## WORK INSTRUCTIONS
From the line that contains "Sum/1 -> Sum1/1, Derivative/1" to the last line of the entries, write each line out exactly; include both ends and nothing else.

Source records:
=== Section Start ===

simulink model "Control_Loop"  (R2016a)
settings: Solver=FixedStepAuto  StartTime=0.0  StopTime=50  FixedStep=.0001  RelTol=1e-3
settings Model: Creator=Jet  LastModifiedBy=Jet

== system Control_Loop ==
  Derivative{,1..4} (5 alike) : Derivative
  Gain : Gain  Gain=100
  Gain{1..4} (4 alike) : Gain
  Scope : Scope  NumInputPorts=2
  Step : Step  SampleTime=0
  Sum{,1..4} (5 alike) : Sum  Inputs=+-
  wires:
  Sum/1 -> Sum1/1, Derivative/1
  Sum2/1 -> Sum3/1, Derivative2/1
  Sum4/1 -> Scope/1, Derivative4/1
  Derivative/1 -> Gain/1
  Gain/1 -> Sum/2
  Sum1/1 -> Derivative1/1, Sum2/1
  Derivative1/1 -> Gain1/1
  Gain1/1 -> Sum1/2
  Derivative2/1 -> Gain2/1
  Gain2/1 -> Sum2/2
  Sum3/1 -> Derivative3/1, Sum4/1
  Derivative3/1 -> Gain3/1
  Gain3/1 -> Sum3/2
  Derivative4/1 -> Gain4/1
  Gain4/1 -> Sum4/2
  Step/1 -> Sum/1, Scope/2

=== Section End ===

## EXERCISE RESPONSE
  Sum/1 -> Sum1/1, Derivative/1
  Sum2/1 -> Sum3/1, Derivative2/1
  Sum4/1 -> Scope/1, Derivative4/1
  Derivative/1 -> Gain/1
  Gain/1 -> Sum/2
  Sum1/1 -> Derivative1/1, Sum2/1
  Derivative1/1 -> Gain1/1
  Gain1/1 -> Sum1/2
  Derivative2/1 -> Gain2/1
  Gain2/1 -> Sum2/2
  Sum3/1 -> Derivative3/1, Sum4/1
  Derivative3/1 -> Gain3/1
  Gain3/1 -> Sum3/2
  Derivative4/1 -> Gain4/1
  Gain4/1 -> Sum4/2
  Step/1 -> Sum/1, Scope/2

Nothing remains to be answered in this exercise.